Helene Maqua: Träger und Leitungen mussten immer abwägen, was sie zulassen konnten, und gleichzeitig waren sie Anfeindungen von außen ausgesetzt. So gab es die Forderung, weiter zu öffnen, andererseits aber vereinzelt auch Beschwerden von Angehörigen wegen angeblicher Verstöße gegen Hygienekonzepte. Das waren zwar Einzelfälle, aber es hat zu Verunsicherung geführt und sicher nicht dazu beigetragen, dass zügig Lockerungen der Besuche in den Einrichtungen umgesetzt wurden. Als großer Affront wurde seitens der Träger der Altenhilfe ein Bericht des Fernsehmagazins „Report Mainz“ aus dem August empfunden, in dem der Eindruck vermittelt wurde, als seien in den Heimen während der Zeit der Besuchsverbote quasi rechtsfreie Räume entstanden.
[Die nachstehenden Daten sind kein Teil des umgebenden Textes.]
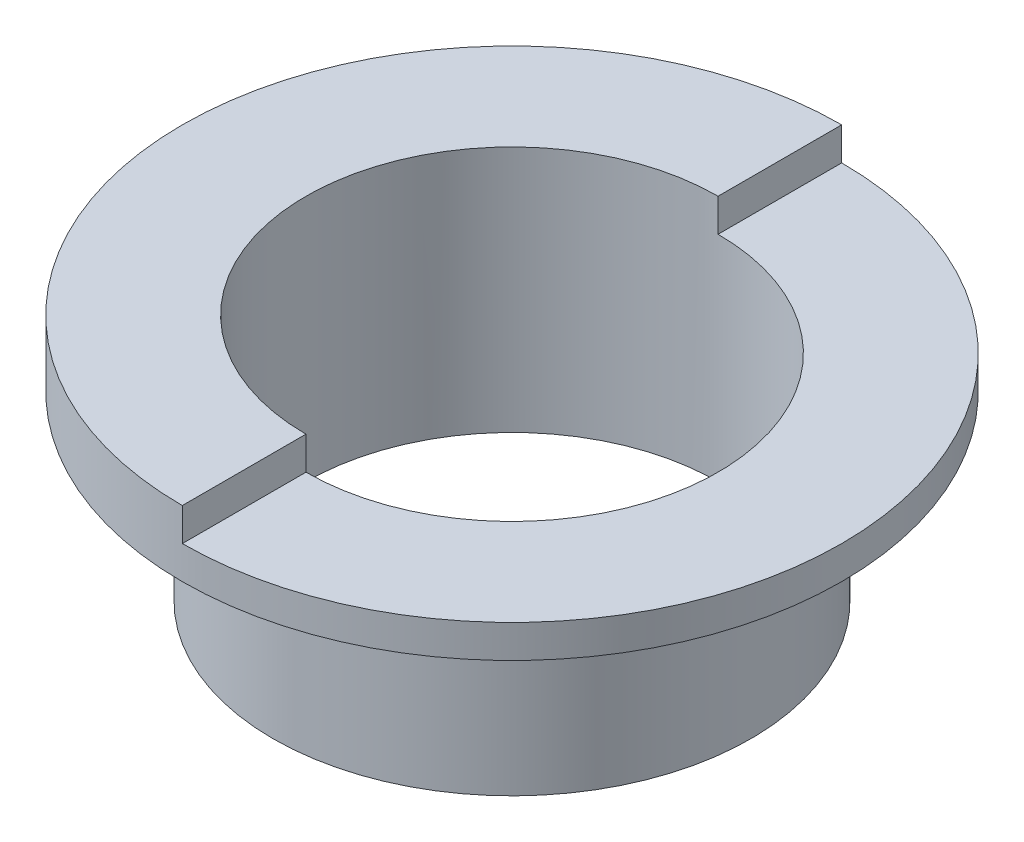
ISO-10303-21;
HEADER;
FILE_DESCRIPTION(('STEP AP214'),'2;1');
FILE_NAME('part.step','',(''),(''),'','','');
FILE_SCHEMA(('AUTOMOTIVE_DESIGN { 1 0 10303 214 1 1 1 1 }'));
ENDSEC;
DATA;
#1=APPLICATION_CONTEXT('core data for automotive mechanical design processes');
#2=APPLICATION_PROTOCOL_DEFINITION('international standard','automotive_design',2000,#1);
#3=PRODUCT_CONTEXT('',#1,'mechanical');
#4=PRODUCT('Part','Part','',(#3));
#5=PRODUCT_RELATED_PRODUCT_CATEGORY('part','',(#4));
#6=PRODUCT_DEFINITION_FORMATION('','',#4);
#7=PRODUCT_DEFINITION_CONTEXT('part definition',#1,'design');
#8=PRODUCT_DEFINITION('design','',#6,#7);
#9=PRODUCT_DEFINITION_SHAPE('','',#8);
#10=(LENGTH_UNIT() NAMED_UNIT(*) SI_UNIT(.MILLI.,.METRE.));
#11=(NAMED_UNIT(*) PLANE_ANGLE_UNIT() SI_UNIT($,.RADIAN.));
#12=(NAMED_UNIT(*) SI_UNIT($,.STERADIAN.) SOLID_ANGLE_UNIT());
#13=UNCERTAINTY_MEASURE_WITH_UNIT(LENGTH_MEASURE(1.E-05),#10,'distance_accuracy_value','');
#14=(GEOMETRIC_REPRESENTATION_CONTEXT(3) GLOBAL_UNCERTAINTY_ASSIGNED_CONTEXT((#13)) GLOBAL_UNIT_ASSIGNED_CONTEXT((#10,
#11,#12)) REPRESENTATION_CONTEXT('',''));
#15=CARTESIAN_POINT('',(0.,0.,0.));
#16=DIRECTION('',(0.,0.,1.));
#17=DIRECTION('',(1.,0.,0.));
#18=AXIS2_PLACEMENT_3D('',#15,#16,#17);
#19=CARTESIAN_POINT('',(0.,0.,0.));
#20=DIRECTION('',(0.,1.,0.));
#21=DIRECTION('',(0.,0.,1.));
#22=AXIS2_PLACEMENT_3D('',#19,#20,#21);
#23=PLANE('',#22);
#24=CARTESIAN_POINT('',(0.,0.,0.));
#25=DIRECTION('',(0.,1.,0.));
#26=DIRECTION('',(0.,0.,1.));
#27=AXIS2_PLACEMENT_3D('',#24,#25,#26);
#28=CIRCLE('',#27,14.5);
#29=CARTESIAN_POINT('',(0.,0.,14.5));
#30=VERTEX_POINT('',#29);
#31=EDGE_CURVE('E37',#30,#30,#28,.T.);
#32=ORIENTED_EDGE('',*,*,#31,.F.);
#33=EDGE_LOOP('',(#32));
#34=FACE_BOUND('',#33,.T.);
#35=CARTESIAN_POINT('',(0.,0.,0.));
#36=DIRECTION('',(0.,1.,0.));
#37=DIRECTION('',(0.,0.,1.));
#38=AXIS2_PLACEMENT_3D('',#35,#36,#37);
#39=CIRCLE('',#38,12.5);
#40=CARTESIAN_POINT('',(0.,0.,12.5));
#41=VERTEX_POINT('',#40);
#42=EDGE_CURVE('E103',#41,#41,#39,.T.);
#43=ORIENTED_EDGE('',*,*,#42,.T.);
#44=EDGE_LOOP('',(#43));
#45=FACE_BOUND('',#44,.T.);
#46=ADVANCED_FACE('F33',(#34,#45),#23,.F.);
#47=CARTESIAN_POINT('',(0.,11.,0.));
#48=DIRECTION('',(0.,-1.,0.));
#49=DIRECTION('',(0.,0.,-1.));
#50=AXIS2_PLACEMENT_3D('',#47,#48,#49);
#51=CYLINDRICAL_SURFACE('',#50,14.5);
#52=CARTESIAN_POINT('',(0.,11.,0.));
#53=DIRECTION('',(0.,1.,0.));
#54=DIRECTION('',(0.,0.,1.));
#55=AXIS2_PLACEMENT_3D('',#52,#53,#54);
#56=CIRCLE('',#55,14.5);
#57=CARTESIAN_POINT('',(0.,11.,14.5));
#58=VERTEX_POINT('',#57);
#59=EDGE_CURVE('E11',#58,#58,#56,.T.);
#60=ORIENTED_EDGE('',*,*,#59,.F.);
#61=EDGE_LOOP('',(#60));
#62=FACE_BOUND('',#61,.T.);
#63=ORIENTED_EDGE('',*,*,#31,.T.);
#64=EDGE_LOOP('',(#63));
#65=FACE_BOUND('',#64,.T.);
#66=ADVANCED_FACE('F35',(#62,#65),#51,.T.);
#67=CARTESIAN_POINT('',(0.,11.,0.));
#68=DIRECTION('',(0.,-1.,0.));
#69=DIRECTION('',(0.,0.,-1.));
#70=AXIS2_PLACEMENT_3D('',#67,#68,#69);
#71=CYLINDRICAL_SURFACE('',#70,12.5);
#72=ORIENTED_EDGE('',*,*,#42,.F.);
#73=EDGE_LOOP('',(#72));
#74=FACE_BOUND('',#73,.T.);
#75=CARTESIAN_POINT('',(0.,13.,0.));
#76=DIRECTION('',(0.,1.,0.));
#77=DIRECTION('',(0.,0.,1.));
#78=AXIS2_PLACEMENT_3D('',#75,#76,#77);
#79=CIRCLE('',#78,12.5);
#80=CARTESIAN_POINT('',(0.,13.,12.5));
#81=VERTEX_POINT('',#80);
#82=CARTESIAN_POINT('',(0.,13.,-12.5));
#83=VERTEX_POINT('',#82);
#84=EDGE_CURVE('E52',#81,#83,#79,.T.);
#85=ORIENTED_EDGE('',*,*,#84,.T.);
#86=DIRECTION('',(0.,-1.,0.));
#87=VECTOR('',#86,1.);
#88=CARTESIAN_POINT('',(0.,15.,-12.5));
#89=LINE('',#88,#87);
#90=CARTESIAN_POINT('',(0.,15.,-12.5));
#91=VERTEX_POINT('',#90);
#92=EDGE_CURVE('E76',#91,#83,#89,.T.);
#93=ORIENTED_EDGE('',*,*,#92,.F.);
#94=CARTESIAN_POINT('',(0.,15.,0.));
#95=DIRECTION('',(0.,-1.,0.));
#96=DIRECTION('',(0.,0.,1.));
#97=AXIS2_PLACEMENT_3D('',#94,#95,#96);
#98=CIRCLE('',#97,12.5);
#99=CARTESIAN_POINT('',(0.,15.,12.5));
#100=VERTEX_POINT('',#99);
#101=EDGE_CURVE('E82',#100,#91,#98,.T.);
#102=ORIENTED_EDGE('',*,*,#101,.F.);
#103=DIRECTION('',(0.,-1.,0.));
#104=VECTOR('',#103,1.);
#105=CARTESIAN_POINT('',(0.,15.,12.5));
#106=LINE('',#105,#104);
#107=EDGE_CURVE('E202',#100,#81,#106,.T.);
#108=ORIENTED_EDGE('',*,*,#107,.T.);
#109=EDGE_LOOP('',(#85,#93,#102,#108));
#110=FACE_BOUND('',#109,.T.);
#111=ADVANCED_FACE('F93',(#74,#110),#71,.F.);
#112=CARTESIAN_POINT('',(0.,13.,0.));
#113=DIRECTION('',(0.,1.,0.));
#114=DIRECTION('',(0.,0.,1.));
#115=AXIS2_PLACEMENT_3D('',#112,#113,#114);
#116=PLANE('',#115);
#117=DIRECTION('',(0.,0.,-1.));
#118=VECTOR('',#117,1.);
#119=CARTESIAN_POINT('',(0.,13.,12.5));
#120=LINE('',#119,#118);
#121=CARTESIAN_POINT('',(0.,13.,20.));
#122=VERTEX_POINT('',#121);
#123=EDGE_CURVE('E91',#122,#81,#120,.T.);
#124=ORIENTED_EDGE('',*,*,#123,.F.);
#125=CARTESIAN_POINT('',(0.,13.,0.));
#126=DIRECTION('',(0.,1.,0.));
#127=DIRECTION('',(0.,0.,1.));
#128=AXIS2_PLACEMENT_3D('',#125,#126,#127);
#129=CIRCLE('',#128,20.);
#130=CARTESIAN_POINT('',(0.,13.,-20.));
#131=VERTEX_POINT('',#130);
#132=EDGE_CURVE('E101',#122,#131,#129,.T.);
#133=ORIENTED_EDGE('',*,*,#132,.T.);
#134=DIRECTION('',(0.,0.,-1.));
#135=VECTOR('',#134,1.);
#136=CARTESIAN_POINT('',(0.,13.,-20.));
#137=LINE('',#136,#135);
#138=EDGE_CURVE('E48',#83,#131,#137,.T.);
#139=ORIENTED_EDGE('',*,*,#138,.F.);
#140=ORIENTED_EDGE('',*,*,#84,.F.);
#141=EDGE_LOOP('',(#124,#133,#139,#140));
#142=FACE_BOUND('',#141,.T.);
#143=ADVANCED_FACE('F121',(#142),#116,.T.);
#144=CARTESIAN_POINT('',(0.,11.,0.));
#145=DIRECTION('',(0.,1.,0.));
#146=DIRECTION('',(0.,0.,1.));
#147=AXIS2_PLACEMENT_3D('',#144,#145,#146);
#148=PLANE('',#147);
#149=ORIENTED_EDGE('',*,*,#59,.T.);
#150=EDGE_LOOP('',(#149));
#151=FACE_BOUND('',#150,.T.);
#152=CARTESIAN_POINT('',(0.,11.,0.));
#153=DIRECTION('',(0.,1.,0.));
#154=DIRECTION('',(0.,0.,1.));
#155=AXIS2_PLACEMENT_3D('',#152,#153,#154);
#156=CIRCLE('',#155,20.);
#157=CARTESIAN_POINT('',(0.,11.,20.));
#158=VERTEX_POINT('',#157);
#159=EDGE_CURVE('E95',#158,#158,#156,.T.);
#160=ORIENTED_EDGE('',*,*,#159,.F.);
#161=EDGE_LOOP('',(#160));
#162=FACE_BOUND('',#161,.T.);
#163=ADVANCED_FACE('F126',(#151,#162),#148,.F.);
#164=CARTESIAN_POINT('',(0.,13.,0.));
#165=DIRECTION('',(0.,-1.,0.));
#166=DIRECTION('',(0.,0.,-1.));
#167=AXIS2_PLACEMENT_3D('',#164,#165,#166);
#168=CYLINDRICAL_SURFACE('',#167,20.);
#169=ORIENTED_EDGE('',*,*,#132,.F.);
#170=DIRECTION('',(0.,-1.,0.));
#171=VECTOR('',#170,1.);
#172=CARTESIAN_POINT('',(0.,15.,20.));
#173=LINE('',#172,#171);
#174=CARTESIAN_POINT('',(0.,15.,20.));
#175=VERTEX_POINT('',#174);
#176=EDGE_CURVE('E97',#175,#122,#173,.T.);
#177=ORIENTED_EDGE('',*,*,#176,.F.);
#178=CARTESIAN_POINT('',(0.,15.,0.));
#179=DIRECTION('',(0.,1.,0.));
#180=DIRECTION('',(0.,0.,1.));
#181=AXIS2_PLACEMENT_3D('',#178,#179,#180);
#182=CIRCLE('',#181,20.);
#183=CARTESIAN_POINT('',(0.,15.,-20.));
#184=VERTEX_POINT('',#183);
#185=EDGE_CURVE('E81',#184,#175,#182,.T.);
#186=ORIENTED_EDGE('',*,*,#185,.F.);
#187=DIRECTION('',(0.,-1.,0.));
#188=VECTOR('',#187,1.);
#189=CARTESIAN_POINT('',(0.,15.,-20.));
#190=LINE('',#189,#188);
#191=EDGE_CURVE('E78',#184,#131,#190,.T.);
#192=ORIENTED_EDGE('',*,*,#191,.T.);
#193=EDGE_LOOP('',(#169,#177,#186,#192));
#194=FACE_BOUND('',#193,.T.);
#195=ORIENTED_EDGE('',*,*,#159,.T.);
#196=EDGE_LOOP('',(#195));
#197=FACE_BOUND('',#196,.T.);
#198=ADVANCED_FACE('F123',(#194,#197),#168,.T.);
#199=CARTESIAN_POINT('',(0.,15.,-20.));
#200=DIRECTION('',(-1.,0.,0.));
#201=DIRECTION('',(0.,0.,1.));
#202=AXIS2_PLACEMENT_3D('',#199,#200,#201);
#203=PLANE('',#202);
#204=ORIENTED_EDGE('',*,*,#138,.T.);
#205=ORIENTED_EDGE('',*,*,#191,.F.);
#206=DIRECTION('',(0.,0.,-1.));
#207=VECTOR('',#206,1.);
#208=CARTESIAN_POINT('',(0.,15.,-20.));
#209=LINE('',#208,#207);
#210=EDGE_CURVE('E72',#91,#184,#209,.T.);
#211=ORIENTED_EDGE('',*,*,#210,.F.);
#212=ORIENTED_EDGE('',*,*,#92,.T.);
#213=EDGE_LOOP('',(#204,#205,#211,#212));
#214=FACE_BOUND('',#213,.T.);
#215=ADVANCED_FACE('F74',(#214),#203,.F.);
#216=CARTESIAN_POINT('',(0.,15.,12.5));
#217=DIRECTION('',(-1.,0.,0.));
#218=DIRECTION('',(0.,0.,1.));
#219=AXIS2_PLACEMENT_3D('',#216,#217,#218);
#220=PLANE('',#219);
#221=ORIENTED_EDGE('',*,*,#123,.T.);
#222=ORIENTED_EDGE('',*,*,#107,.F.);
#223=DIRECTION('',(0.,0.,-1.));
#224=VECTOR('',#223,1.);
#225=CARTESIAN_POINT('',(0.,15.,12.5));
#226=LINE('',#225,#224);
#227=EDGE_CURVE('E87',#175,#100,#226,.T.);
#228=ORIENTED_EDGE('',*,*,#227,.F.);
#229=ORIENTED_EDGE('',*,*,#176,.T.);
#230=EDGE_LOOP('',(#221,#222,#228,#229));
#231=FACE_BOUND('',#230,.T.);
#232=ADVANCED_FACE('F135',(#231),#220,.F.);
#233=CARTESIAN_POINT('',(0.,15.,0.));
#234=DIRECTION('',(0.,1.,0.));
#235=DIRECTION('',(0.,0.,1.));
#236=AXIS2_PLACEMENT_3D('',#233,#234,#235);
#237=PLANE('',#236);
#238=ORIENTED_EDGE('',*,*,#101,.T.);
#239=ORIENTED_EDGE('',*,*,#210,.T.);
#240=ORIENTED_EDGE('',*,*,#185,.T.);
#241=ORIENTED_EDGE('',*,*,#227,.T.);
#242=EDGE_LOOP('',(#238,#239,#240,#241));
#243=FACE_BOUND('',#242,.T.);
#244=ADVANCED_FACE('F85',(#243),#237,.T.);
#245=CLOSED_SHELL('',(#46,#66,#111,#143,#163,#198,#215,#232,#244));
#246=MANIFOLD_SOLID_BREP('B2',#245);
#247=ADVANCED_BREP_SHAPE_REPRESENTATION('',(#18,#246),#14);
#248=SHAPE_DEFINITION_REPRESENTATION(#9,#247);
ENDSEC;
END-ISO-10303-21;

Aus Krisensituationen geht ja auch oft Positives hervor.

Helene Maqua: Ja, wir haben eine zunehmende Solidarität der Träger untereinander erlebt. Es wurden Einkaufsgemeinschaften gegründet, Personal wurde ausgetauscht. Ich denke, dass davon etwas bleibt. In den Einrichtungen haben die Mitarbeitenden von Anfang an versucht, kreative Lösungen zu finden: Als Besuche verboten waren, haben sie das Skypen mit den Angehörigen ermöglicht, Gottesdienste wurden kurzerhand draußen abgehalten. Und auch bei vielen Bewohnerinnen und Bewohnern hat die außergewöhnliche Situation Kräfte und Kreativität freigesetzt. Da wurden Spiele-Runden ins Leben gerufen, oder man las sich vor. Andere nähten Masken und brachten sie in die Einrichtungen. In einem virtuellen Beiratstreffen, das wir kürzlich abgehalten haben, haben mir die Teilnehmenden gesagt: Wir waren wieder auf uns selbst gestellt, auf eigene Interessen und Fähigkeiten, das hat gutgetan.

Ihr Ausblick in die Zukunft?

Helene Maqua: Wenn es jetzt wieder zu Einschränkungen käme, wären wir auf jeden Fall besser vorbereitet als beim ersten Lockdown. Vieles ist inzwischen eingeübt, an vieles hat man sich gewöhnt.